Studying the Landscape

I have a rule I’ve followed for fifteen years: plan first, don’t jump to solving. When you’re excited about building something, the temptation is to start writing code immediately. But the fastest way to waste months of your life is to build the wrong thing confidently.

So February 2026 was my research month. Before I committed to building Jeff as a full coding harness, I needed to understand the problem space properly. What existed. What worked. What didn’t. And why.

The actual implementation, not the marketing

The AI coding agent market was exploding. AI was contributing a measurable percentage of commits on GitHub. The market was valued in billions. Every week a new tool launched with breathless claims about “autonomous software engineering.”

I didn’t care about any of that. I cared about how they actually worked.

I went deep. I studied the leading tools not through their landing pages or demo videos, but through their architecture. How they manage context windows (the fixed amount of text an AI model can process at once). How they structure tool use, deciding when to read a file, run a command, or make an edit. How they handle memory and persistence across sessions.

For one tool alone, I wrote eight separate research documents. Architecture. Memory systems. Compaction (how they summarise old conversation to fit new context). Context construction (how they decide what information to include in each request). Agent orchestration. Tools and permissions. Conversation handling. Hooks and plugins.

Eight documents. One tool. That’s what proper research looks like.

The platform problem

I also studied the platform Jeff originally ran on, an open-source agent framework that let you customise LLM-powered assistants. From the outside it looked solid. From the inside, less so.

The security posture was concerning. A scan revealed tens of thousands of exposed instances, many with default configurations, some leaking API keys. The cost model was brutal for active use. Running it properly meant spending somewhere between $300 and $750 per month, depending on usage patterns. And the architecture had fundamental limitations around how it handled context and memory.

These weren’t theoretical concerns. I’d been running Jeff on this platform for months. I knew the friction firsthand. But studying it systematically turned “this feels wrong” into “here’s exactly what’s wrong and why.”

Multi-agent orchestration

The research rabbit hole I enjoyed most was multi-agent orchestration. Not the “swarm” hype you see in conference talks, where fifty agents collaborate on a task like some kind of AI beehive. That’s mostly theatre.

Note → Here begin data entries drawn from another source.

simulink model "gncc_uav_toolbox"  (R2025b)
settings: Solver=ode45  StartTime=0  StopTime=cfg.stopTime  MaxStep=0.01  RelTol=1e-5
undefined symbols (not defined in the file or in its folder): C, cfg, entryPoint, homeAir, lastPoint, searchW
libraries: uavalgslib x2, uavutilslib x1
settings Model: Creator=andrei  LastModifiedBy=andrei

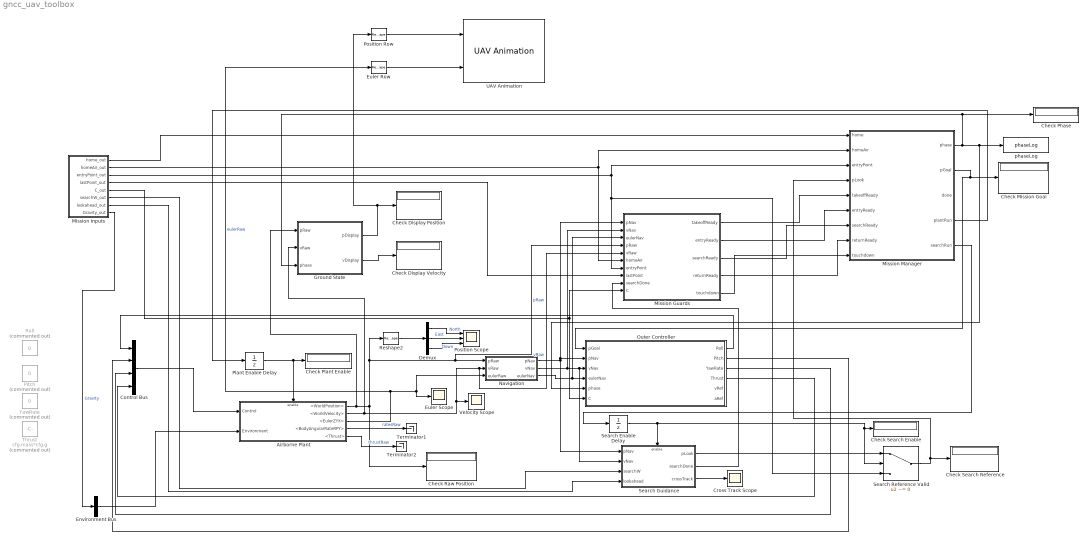
== system gncc_uav_toolbox ==
  Airborne Plant : Subsystem
      settings: MinAlgLoopOccurrences=on
  Check Display Position : Display
  Check Display Velocity : Display
  Check Mission Goal : Display
  Check Phase : Display
  Check Plant Enable : Display
  Check Raw Position : Display
  Check Search Enable : Display
  Check Search Reference : Display
  Control Bus : BusCreator  Inputs=4  OutDataTypeStr=Bus: GNControlBus  NonVirtualBus=on
  Cross Track Scope : Scope
      settings: DataLoggingVariableName=ScopeData3
  Demux : Demux  Outputs=3
  Environment Bus : BusCreator  Inputs=1  OutDataTypeStr=Bus: GNEnvironmentBus  NonVirtualBus=on
  Euler Row : Reshape  OutputDimensionality=Customize  OutputDimensions=[1 3]
  Euler Scope : Scope
      settings: DataLoggingVariableName=ScopeData2
  Ground State : MATLAB Function  TreatAsAtomicUnit=on
  Mission Guards : MATLAB Function  TreatAsAtomicUnit=on
  Mission Inputs : Subsystem
  Mission Manager : Stateflow chart  TreatAsAtomicUnit=on
  Navigation : Subsystem
  Outer Controller : Subsystem
  Pitch : Constant  Commented=on  Value=0  VectorParams1D=off
  Plant Enable Delay : UnitDelay  InitialCondition=false  SampleTime=cfg.ctrlTs  HasFrameUpgradeWarning=on
  Position Row : Reshape  OutputDimensionality=Customize  OutputDimensions=[1 3]
  Position Scope : Scope  NumInputPorts=3
      settings: ActiveDisplayYMinimum=-36.831864712326947  ActiveDisplayYMaximum=14.10248446170346
  Reshape2 : Reshape
  Roll : Constant  Commented=on  Value=0  VectorParams1D=off
  Search Guidance : Subsystem  TreatAsAtomicUnit=on
  Search Enable Delay : UnitDelay  InitialCondition=false  SampleTime=cfg.ctrlTs  HasFrameUpgradeWarning=on
  Search Reference Valid : Switch  Criteria=u2 ~= 0  SaturateOnIntegerOverflow=off  InputSameDT=off
  Terminator1 : Terminator
  Terminator2 : Terminator
  Thrust : Constant  Commented=on  Value=cfg.mass*cfg.g  VectorParams1D=off
  UAV Animation : uavutilslib/UAV Animation  NumUAV=1  DynamicUAVConfig=off  UAVType=Multirotor  UAVSize=0.3  UAVColor=[0 0.45 0.74]  UAVTrajectoryAlpha=1  InertialZDirection=Down  RotationFormat=Euler ZYX  DrawMarkers=off  SampleTime=cfg.animTs
  Velocity Scope : Scope
      settings: ActiveDisplayYMinimum=-2.4801881496796212  ActiveDisplayYMaximum=2.1396138851515727
  YawRate : Constant  Commented=on  Value=0  VectorParams1D=off
  phaseLog : ToWorkspace  VariableName=phaseLog  SaveFormat=Timeseries  SampleTime=cfg.ctrlTs
  wires:
  Navigation/1(pNav) -> Search Guidance/1(pNav), Mission Guards/1(pNav), Outer Controller/2(pNav)
  Navigation/2(vNav) -> Mission Guards/2(vNav), Search Guidance/2(vNav), Outer Controller/3(vNav)
  Navigation/3(eulerNav) -> Mission Guards/3(eulerNav), Outer Controller/4(eulerNav)
  Outer Controller/1(Roll) -> Control Bus/1
  Outer Controller/2(Pitch) -> Control Bus/2
  Outer Controller/3(YawRate) -> Control Bus/3
  Outer Controller/4(Thrust) -> Control Bus/4
  Reshape2/1 -> Demux/1
  Demux/1 -> Position Scope/1  "North"
  Demux/2 -> Position Scope/2  "East"
  Demux/3 -> Position Scope/3  "Down"
  Search Enable Delay/1 -> Search Reference Valid/2, Check Search Enable/1, Search Guidance/Enable
  Search Guidance/1(pLook) -> Search Reference Valid/1
  Search Guidance/2(searchDone) -> Mission Guards/9(searchDone)
  Mission Guards/1(takeoffReady) -> Mission Manager/5(takeoffReady)
  Mission Guards/2(entryReady) -> Mission Manager/6(entryReady)
  Mission Guards/3(searchReady) -> Mission Manager/7(searchReady)
  Mission Guards/4(returnReady) -> Mission Manager/8(returnReady)
  Mission Guards/5(touchdown) -> Mission Manager/9(touchdown)
  Airborne Plant/2(<WorldVelocity>) -> Ground State/2(vRaw), Mission Guards/5(vRaw), Navigation/2(vRaw), Velocity Scope/1  "vRaw"
  Airborne Plant/3(<EulerZYX>) -> Euler Row/1, Euler Scope/1, Navigation/3(eulerRaw)  "eulerRaw"
  Airborne Plant/1(<WorldPosition>) -> Ground State/1(pRaw), Check Raw Position/1, Mission Guards/4(pRaw), Navigation/1(pRaw), Reshape2/1  "pRaw"
  Control Bus/1 -> Airborne Plant/1(Control)
  Environment Bus/1 -> Airborne Plant/2(Environment)
  Airborne Plant/4(<BodyAngularRateRPY>) -> Terminator1/1  "ratesRaw"
  Airborne Plant/5(<Thrust>) -> Terminator2/1  "thrustRaw"
  Plant Enable Delay/1 -> Check Plant Enable/1, Airborne Plant/Enable
  Mission Manager/4(plantRun) -> Plant Enable Delay/1
  Mission Manager/5(searchRun) -> Search Enable Delay/1
  Search Reference Valid/1 -> Check Search Reference/1, Mission Manager/4(pLook)
  Mission Manager/1(phase) -> phaseLog/1, Outer Controller/5(phase), Check Phase/1, Ground State/3(phase)
  Ground State/2(vDisplay) -> Check Display Velocity/1
  Ground State/1(pDisplay) -> Position Row/1, Check Display Position/1
  Mission Manager/2(pGoal) -> Check Mission Goal/1, Outer Controller/1(pGoal)
  Mission Inputs/2(homeAir_out) -> Mission Guards/6(homeAir), Mission Manager/2(homeAir)
  Mission Inputs/3(entryPoint_out) -> Mission Guards/7(entryPoint), Search Reference Valid/3, Mission Manager/3(entryPoint)
  Mission Inputs/5(C_out) -> Outer Controller/6(C), Mission Guards/10(C)
  Mission Inputs/1(home_out) -> Mission Manager/1(home)
  Mission Inputs/4(lastPoint_out) -> Mission Guards/8(lastPoint)
  Mission Inputs/6(searchW_out) -> Search Guidance/3(searchW)
  Mission Inputs/7(lookahead_out) -> Search Guidance/4(lookahead)
  Mission Inputs/8(Gravity_out) -> Environment Bus/1  "Gravity"
  Search Guidance/3(crossTrack) -> Cross Track Scope/1
  Position Row/1 -> UAV Animation/1
  Euler Row/1 -> UAV Animation/2

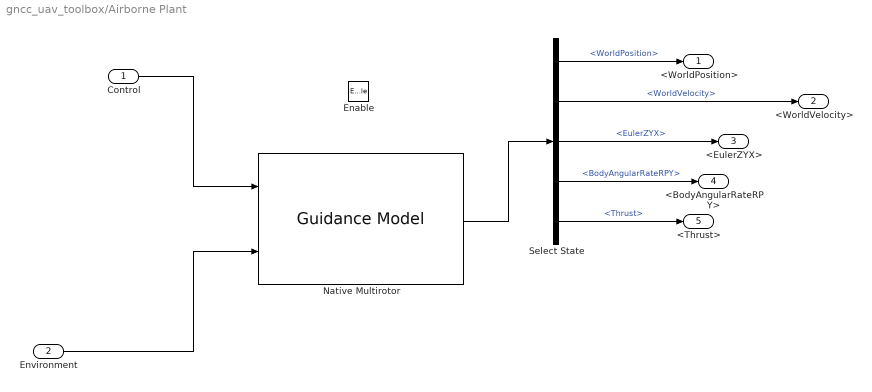
== system gncc_uav_toolbox/Airborne Plant ==
  Control : Inport
  Environment : Inport  Port=2
  Enable : EnablePort
  Native Multirotor : uavalgslib/Guidance Model  ModelType=MultirotorGuidance  NumInstances=1  SpecifiedDataType=double  SimulateUsing=Interpreted execution  InitialWorldPositionMultirotor=home  InitialWorldVelocityMultirotor=[0; 0; 0]  InitialEulerZYXMultirotor=[0; 0; 0]  InitialBodyAngularRateRPYMultirotor=[0; 0; 0]  InitialThrustMultirotor=cfg.mass*cfg.g  InitialNorthFixedWing=0  InitialEastFixedWing=0  InitialHeightFixedWing=0  InitialAirSpeedFixedWing=0  InitialHeadingAngleFixedWing=0  InitialFlightPathAngleFixedWing=0  InitialRollAngleFixedWing=0  InitialRollAngleRateFixedWing=0  PDRollMultirotor=[3402.97,116.67]  PDPitchMultirotor=[3402.97, 116.67]  PYawRateMultirotor=1950  PThrustMultirotor=3900  MassMultirotor=cfg.mass  PHeightFixedWing=3.9  PHeadingAngleFixedWing=3.9  PFlightPathAngleFixedWing=39  PDRollFixedWing=[3402.97, 116.67]  PAirSpeedFixedWing=1  FlightPathAngleLimitsFixedWing=[-pi/2, pi/2]  StateBusName='GNStateBus'  ControlBusName='GNControlBus'  EnvironmentBusName='GNEnvironmentBus'  DataType=double
  Select State : BusSelector  OutputSignals=WorldPosition,WorldVelocity,EulerZYX,BodyAngularRateRPY,Thrust
  <WorldPosition> : Outport
  <WorldVelocity> : Outport  Port=2
  <EulerZYX> : Outport  Port=3
  <BodyAngularRateRPY> : Outport  Port=4
  <Thrust> : Outport  Port=5
  wires:
  Select State/4 -> <BodyAngularRateRPY>/1  "<BodyAngularRateRPY>"
  Environment/1 -> Native Multirotor/2
  Select State/5 -> <Thrust>/1  "<Thrust>"
  Select State/1 -> <WorldPosition>/1  "<WorldPosition>"
  Native Multirotor/1 -> Select State/1
  Control/1 -> Native Multirotor/1
  Select State/3 -> <EulerZYX>/1  "<EulerZYX>"
  Select State/2 -> <WorldVelocity>/1  "<WorldVelocity>"

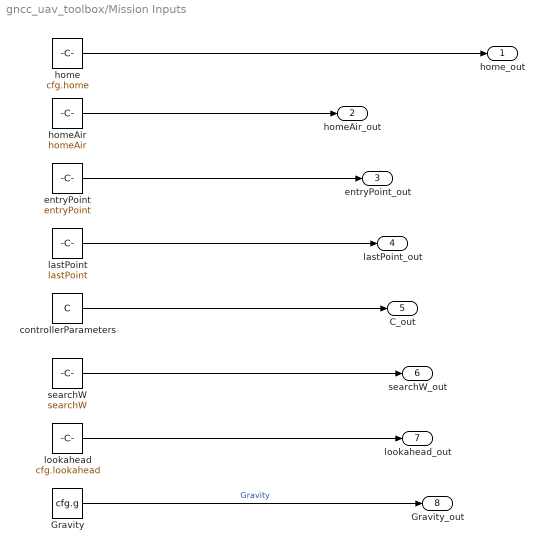
== system gncc_uav_toolbox/Mission Inputs ==
  Gravity : Constant  Value=cfg.g  VectorParams1D=off
  controllerParameters : Constant  Value=C
  entryPoint : Constant  Value=entryPoint  VectorParams1D=off
  home : Constant  Value=cfg.home  VectorParams1D=off
  homeAir : Constant  Value=homeAir  VectorParams1D=off
  lastPoint : Constant  Value=lastPoint  VectorParams1D=off
  lookahead : Constant  Value=cfg.lookahead
  searchW : Constant  Value=searchW
  home_out : Outport
  homeAir_out : Outport  Port=2
  entryPoint_out : Outport  Port=3
  lastPoint_out : Outport  Port=4
  C_out : Outport  Port=5
  searchW_out : Outport  Port=6
  lookahead_out : Outport  Port=7
  Gravity_out : Outport  Port=8
  wires:
  searchW/1 -> searchW_out/1
  lastPoint/1 -> lastPoint_out/1
  entryPoint/1 -> entryPoint_out/1
  lookahead/1 -> lookahead_out/1
  controllerParameters/1 -> C_out/1
  homeAir/1 -> homeAir_out/1
  Gravity/1 -> Gravity_out/1  "Gravity"
  home/1 -> home_out/1

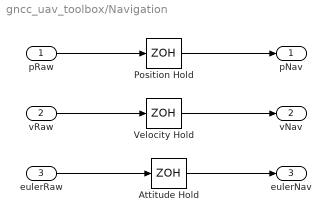
== system gncc_uav_toolbox/Navigation ==
  pRaw : Inport
  vRaw : Inport  Port=2
  eulerRaw : Inport  Port=3
  Attitude Hold : ZeroOrderHold  SampleTime=cfg.ctrlTs
  Position Hold : ZeroOrderHold  SampleTime=cfg.navTs
  Velocity Hold : ZeroOrderHold  SampleTime=cfg.navTs
  pNav : Outport
  vNav : Outport  Port=2
  eulerNav : Outport  Port=3
  wires:
  pRaw/1 -> Position Hold/1
  vRaw/1 -> Velocity Hold/1
  eulerRaw/1 -> Attitude Hold/1
  Position Hold/1 -> pNav/1
  Velocity Hold/1 -> vNav/1
  Attitude Hold/1 -> eulerNav/1

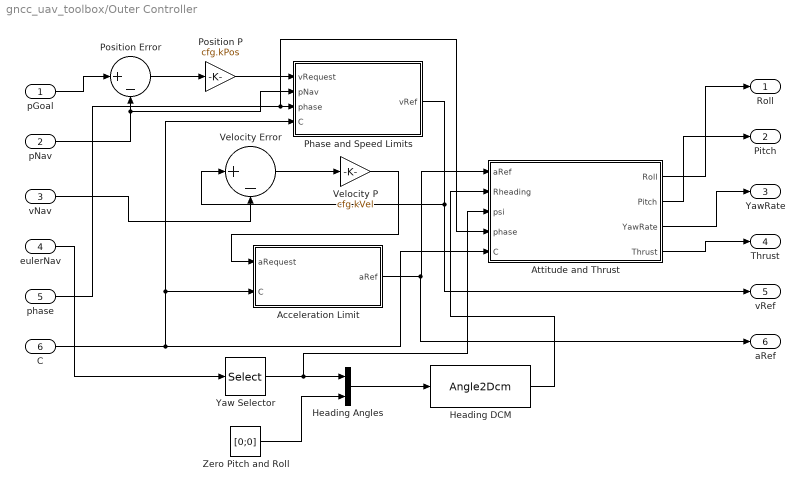
== system gncc_uav_toolbox/Outer Controller ==
  pGoal : Inport
  pNav : Inport  Port=2
  vNav : Inport  Port=3
  eulerNav : Inport  Port=4
  phase : Inport  Port=5
  C : Inport  Port=6
  Acceleration Limit : MATLAB Function  TreatAsAtomicUnit=on
  Attitude and Thrust : MATLAB Function  TreatAsAtomicUnit=on
  Heading Angles : Concatenate  Mode=Multidimensional array
  Heading DCM : Angle2Dcm
      settings: AttributesFormatString=Rotation Order: %<rotationOrder>
  Phase and Speed Limits : MATLAB Function  TreatAsAtomicUnit=on
  Position Error : Sum  Inputs=|+-
  Position P : Gain  Gain=cfg.kPos
  Velocity Error : Sum  Inputs=|+-
  Velocity P : Gain  Gain=cfg.kVel
  Yaw Selector : Selector  InputPortWidth=3  IndexOptions=Index vector (dialog)  Indices=[1]  OutputSizes=1
  Zero Pitch and Roll : Constant  Value=[0;0]  VectorParams1D=off
  Roll : Outport
  Pitch : Outport  Port=2
  YawRate : Outport  Port=3
  Thrust : Outport  Port=4
  vRef : Outport  Port=5
  aRef : Outport  Port=6
  wires:
  pGoal/1 -> Position Error/1
  pNav/1 -> Phase and Speed Limits/2(pNav), Position Error/2
  Phase and Speed Limits/1(vRef) -> vRef/1, Velocity Error/1
  vNav/1 -> Velocity Error/2
  Position Error/1 -> Position P/1
  Position P/1 -> Phase and Speed Limits/1(vRequest)
  phase/1 -> Attitude and Thrust/4(phase), Phase and Speed Limits/3(phase)
  C/1 -> Attitude and Thrust/5(C), Acceleration Limit/2(C), Phase and Speed Limits/4(C)
  Velocity Error/1 -> Velocity P/1
  Velocity P/1 -> Acceleration Limit/1(aRequest)
  Acceleration Limit/1(aRef) -> Attitude and Thrust/1(aRef), aRef/1
  eulerNav/1 -> Yaw Selector/1
  Yaw Selector/1 -> Attitude and Thrust/3(psi), Heading Angles/1
  Zero Pitch and Roll/1 -> Heading Angles/2
  Heading Angles/1 -> Heading DCM/1
  Heading DCM/1 -> Attitude and Thrust/2(Rheading)
  Attitude and Thrust/1(Roll) -> Roll/1
  Attitude and Thrust/2(Pitch) -> Pitch/1
  Attitude and Thrust/3(YawRate) -> YawRate/1
  Attitude and Thrust/4(Thrust) -> Thrust/1

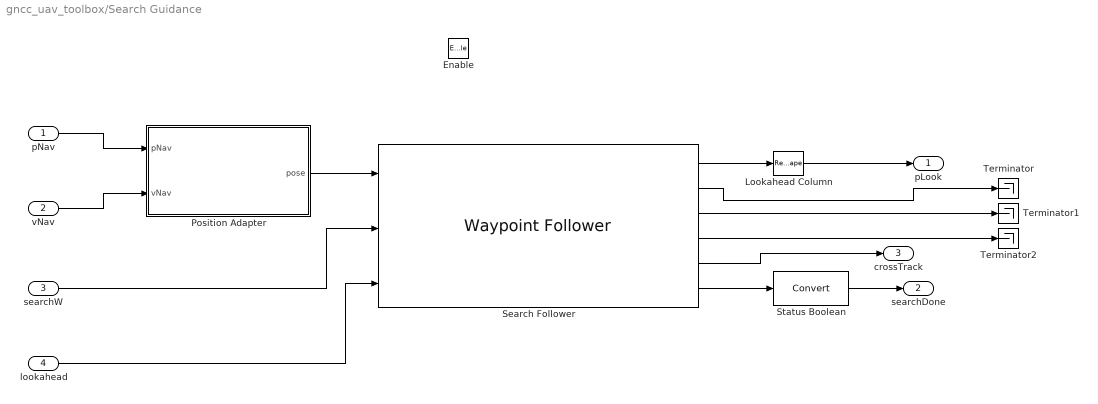
== system gncc_uav_toolbox/Search Guidance ==
  pNav : Inport
  vNav : Inport  Port=2
  searchW : Inport  Port=3
  lookahead : Inport  Port=4
  Enable : EnablePort
  Lookahead Column : Reshape  OutputDimensionality=Column vector (2-D)
  Position Adapter : MATLAB Function  TreatAsAtomicUnit=on
  Search Follower : uavalgslib/Waypoint Follower  UAVType=multirotor  StartFrom=first  TransitionRadiusSource=internal  TransitionRadius=cfg.transitionRadius  MinLookaheadDistance=0.1  HoverAtLastWaypoint=on  YawInput=off  ShowCrossTrackErrorOutput=on  ShowStatusOutput=on  SimulateUsing=Interpreted execution
  Status Boolean : DataTypeConversion  SaturateOnIntegerOverflow=off  RndMeth=Floor
  Terminator : Terminator
  Terminator1 : Terminator
  Terminator2 : Terminator
  pLook : Outport  OutputWhenDisabled=reset  InitialOutput=[0;0;0]
  searchDone : Outport  Port=2  OutputWhenDisabled=reset  InitialOutput=[false]
  crossTrack : Outport  Port=3  OutputWhenDisabled=reset  InitialOutput=[0]
  wires:
  pNav/1 -> Position Adapter/1(pNav)
  vNav/1 -> Position Adapter/2(vNav)
  Position Adapter/1(pose) -> Search Follower/1
  searchW/1 -> Search Follower/2
  lookahead/1 -> Search Follower/3
  Search Follower/1 -> Lookahead Column/1
  Lookahead Column/1 -> pLook/1
  Search Follower/6 -> Status Boolean/1
  Status Boolean/1 -> searchDone/1
  Search Follower/5 -> crossTrack/1
  Search Follower/4 -> Terminator2/1
  Search Follower/3 -> Terminator1/1
  Search Follower/2 -> Terminator/1

== matlab function gncc_uav_toolbox/Ground State ==
  settings: updateMethod=DISCRETE  sampleTime=cfg.ctrlTs
  data: pRaw input; pDisplay output; vRaw input; phase input; vDisplay output
function [pDisplay,vDisplay] = groundState(pRaw,vRaw,phase)
% Position and velocity for display and landed reporting.

% Normally report the unmodified plant state.
pDisplay = pRaw;
vDisplay = vRaw;

% During PRECHECK or COMPLETE, report the vehicle on the ground.
if phase == 0 || phase == 6
    pDisplay(3) = 0;
    vDisplay = zeros(3,1);
end
end

== matlab function gncc_uav_toolbox/Outer Controller/Acceleration Limit ==
  data: aRequest input; aRef output; C input
function aRef = limitAcceleration(aRequest,C)

aRef=aRequest; s=norm(aRef);

if s>C(5)

    aRef=aRef*(C(5)/s);

end

end

== matlab function gncc_uav_toolbox/Outer Controller/Phase and Speed Limits ==
  settings: updateMethod=DISCRETE  sampleTime=cfg.ctrlTs
  data: vRequest input; vRef output; pNav input; phase input; C input
function vRef = limitVelocity(vRequest,pNav,phase,C)

vRef=vRequest;

if phase==0 || phase==6

    vRef=zeros(3,1);

elseif phase==1

    vRef(1:2)=0;

elseif phase==5

    vRef=zeros(3,1);

    vRef(3)=min(C(4),max(0.03,C(1)*max(0,-pNav(3))));

end

s=norm(vRef); limit=min(C(2),C(3));

if s>limit

    vRef=vRef*(limit/s);

end

end

== matlab function gncc_uav_toolbox/Outer Controller/Attitude and Thrust ==
  settings: updateMethod=DISCRETE  sampleTime=cfg.ctrlTs
  data: Roll output; Pitch output; YawRate output; Thrust output; aRef input; Rheading input; psi input; phase input; C input
function [Roll,Pitch,YawRate,Thrust] = accelToCommands(aRef,Rheading,psi,phase,C)

m=C(6); g=C(7); tiltMax=C(8);

aHeading=Rheading*aRef;

verticalSupport=max(0.5*g,g-aHeading(3));

supportNorm=sqrt(aHeading(1)^2+aHeading(2)^2+verticalSupport^2);

Roll=asin(max(-1,min(1,aHeading(2)/supportNorm)));

Pitch=atan2(-aHeading(1),verticalSupport);

Roll=max(-tiltMax,min(tiltMax,Roll));

Pitch=max(-tiltMax,min(tiltMax,Pitch));

Thrust=m*verticalSupport/max(0.2,cos(Roll)*cos(Pitch));

Thrust=max(0,min(2*m*g,Thrust));

YawRate=max(-0.3,min(0.3,-psi));

if phase==0 || phase==6

    Roll=0; Pitch=0; YawRate=0; Thrust=0;

end

end

== matlab function gncc_uav_toolbox/Search Guidance/Position Adapter ==
  data: pNav input; pose output; vNav input
function pose = makeFollowerPose(pNav,vNav)

if hypot(vNav(1),vNav(2))>1e-4

    chi=atan2(vNav(2),vNav(1));

else

    chi=0;

end

pose=[pNav;chi];

end

== matlab function gncc_uav_toolbox/Mission Guards ==
  settings: updateMethod=DISCRETE  sampleTime=cfg.ctrlTs
  data: pNav input; takeoffReady output; vNav input; eulerNav input; pRaw input; vRaw input; homeAir input; entryPoint input; lastPoint input; searchDone input; C input; entryReady output; searchReady output; returnReady output; touchdown output
function [takeoffReady,entryReady,searchReady,returnReady, touchdown] = missionGuards(pNav,vNav,eulerNav,pRaw,vRaw,homeAir, entryPoint,lastPoint,searchDone,C)
slow=norm(vNav)<=C(11);
takeoffReady=norm(pNav-homeAir)<=C(9) && slow;
entryReady=norm(pNav-entryPoint)<=C(9) && slow;
searchReady=searchDone && norm(pNav-lastPoint)<=C(9) && slow;
level=abs(eulerNav(2))<=deg2rad(1) && abs(eulerNav(3))<=deg2rad(1);
returnReady=norm(pNav-homeAir)<=C(10) && slow && level;
touchdown=pRaw(3)>=0 && vRaw(3)>=-0.02;
end

== stateflow chart gncc_uav_toolbox/Mission Manager ==
  settings: updateMethod=DISCRETE  sampleTime=cfg.ctrlTs
  state PRECHECK
    entry, during:
    phase=0;
    pGoal=home;
    done=false;
    plantRun=false;
    searchRun=false;
  state TRANSIT
    entry, during:
    phase=2;
    pGoal=entryPoint;
    done=false;
    plantRun=true;
    searchRun=false;
  state SEARCH
    entry, during:
    phase=3;
    pGoal=pLook;
    done=false;
    plantRun=true;
    searchRun=true;
  state TAKEOFF
    entry, during:
    phase=1;
    pGoal=homeAir;
    done=false;
    plantRun=true;
    searchRun=false;
  state RETURN
    entry, during:
    phase=4;
    pGoal=homeAir;
    done=false;
    plantRun=true;
    searchRun=false;
  state COMPLETE
    entry, during:
    phase=6;
    pGoal=home;
    done=true;
    plantRun=false;
    searchRun=false;
  state LAND
    entry, during:
    phase=5;
    pGoal=home;
    done=false;
    plantRun=true;
    searchRun=false;
  (default) -> PRECHECK
  PRECHECK -> TAKEOFF : after(1,sec)
  TAKEOFF -> TRANSIT : [takeoffReady]
  TRANSIT -> SEARCH : [entryReady]
  SEARCH -> RETURN : [searchReady]
  RETURN -> LAND : [returnReady]
  LAND -> COMPLETE : [touchdown]
  data: home input double size=[3, 1]; homeAir input double size=[3, 1]; entryPoint input double size=[3, 1]; pLook input double size=[3, 1]; takeoffReady input boolean size=1; entryReady input boolean size=1; searchReady input boolean size=1; returnReady input boolean size=1; touchdown input boolean size=1; phase output double size=1; pGoal output double size=[3, 1]; done output boolean size=1; plantRun output boolean size=1; searchRun output boolean size=1

The practical version is much simpler and more useful. How does one agent hand off a task to another? How do they share context without duplicating everything? How do you keep them coordinated without a human manually directing traffic? What happens when one agent’s work conflicts with another’s?

These patterns exist in distributed systems already. The trick was adapting them for AI agents, where the “workers” are non-deterministic, occasionally wrong, and need different amounts of context depending on the task.

The gap

What I found across all this research was a clear gap in the market. The tools that existed fell into two categories.

The first: chat interfaces pretending to be agents. You could talk to an AI about your code, and it would suggest changes, but it had no real agency. No ability to run things, verify its work, or maintain context across sessions. Fancy autocomplete with a conversation wrapper.

The second: fully autonomous systems where you couldn’t see or control what they were doing. They’d go off, make changes, and you’d come back to a pull request with forty modified files and no clear explanation of why. Impressive, sometimes. Trustworthy, rarely.

I wanted something in between. An agent that could genuinely act, with real tools and real autonomy, but where you could see what it was thinking, control what it was allowed to do, and understand why it made each decision.

What it shaped

Every significant decision that followed traced back to this research month. The brain system, Jeff’s persistent memory backed by git, came from studying how other tools handled (or failed to handle) long-term context. The office concept, a structured workspace where agents coordinate, came from the orchestration research. The permission model, where Jeff asks before doing anything destructive, came from watching what happens when agents don’t.

None of it was invented from scratch. All of it was informed by understanding what already existed and where it fell short.

The unglamorous truth

Research doesn’t feel productive. You’re not shipping code. You’re not closing tickets. You’re reading, comparing, diagramming, and writing documents that nobody else will ever see. There’s a voice in your head the entire time saying “just start building.”

But it saves you from building the wrong thing. And in a space moving as fast as AI tooling was in early 2026, building the wrong thing meant wasting months that you wouldn’t get back.

The weeks I spent studying the landscape were, in hindsight, the most productive weeks of the entire project.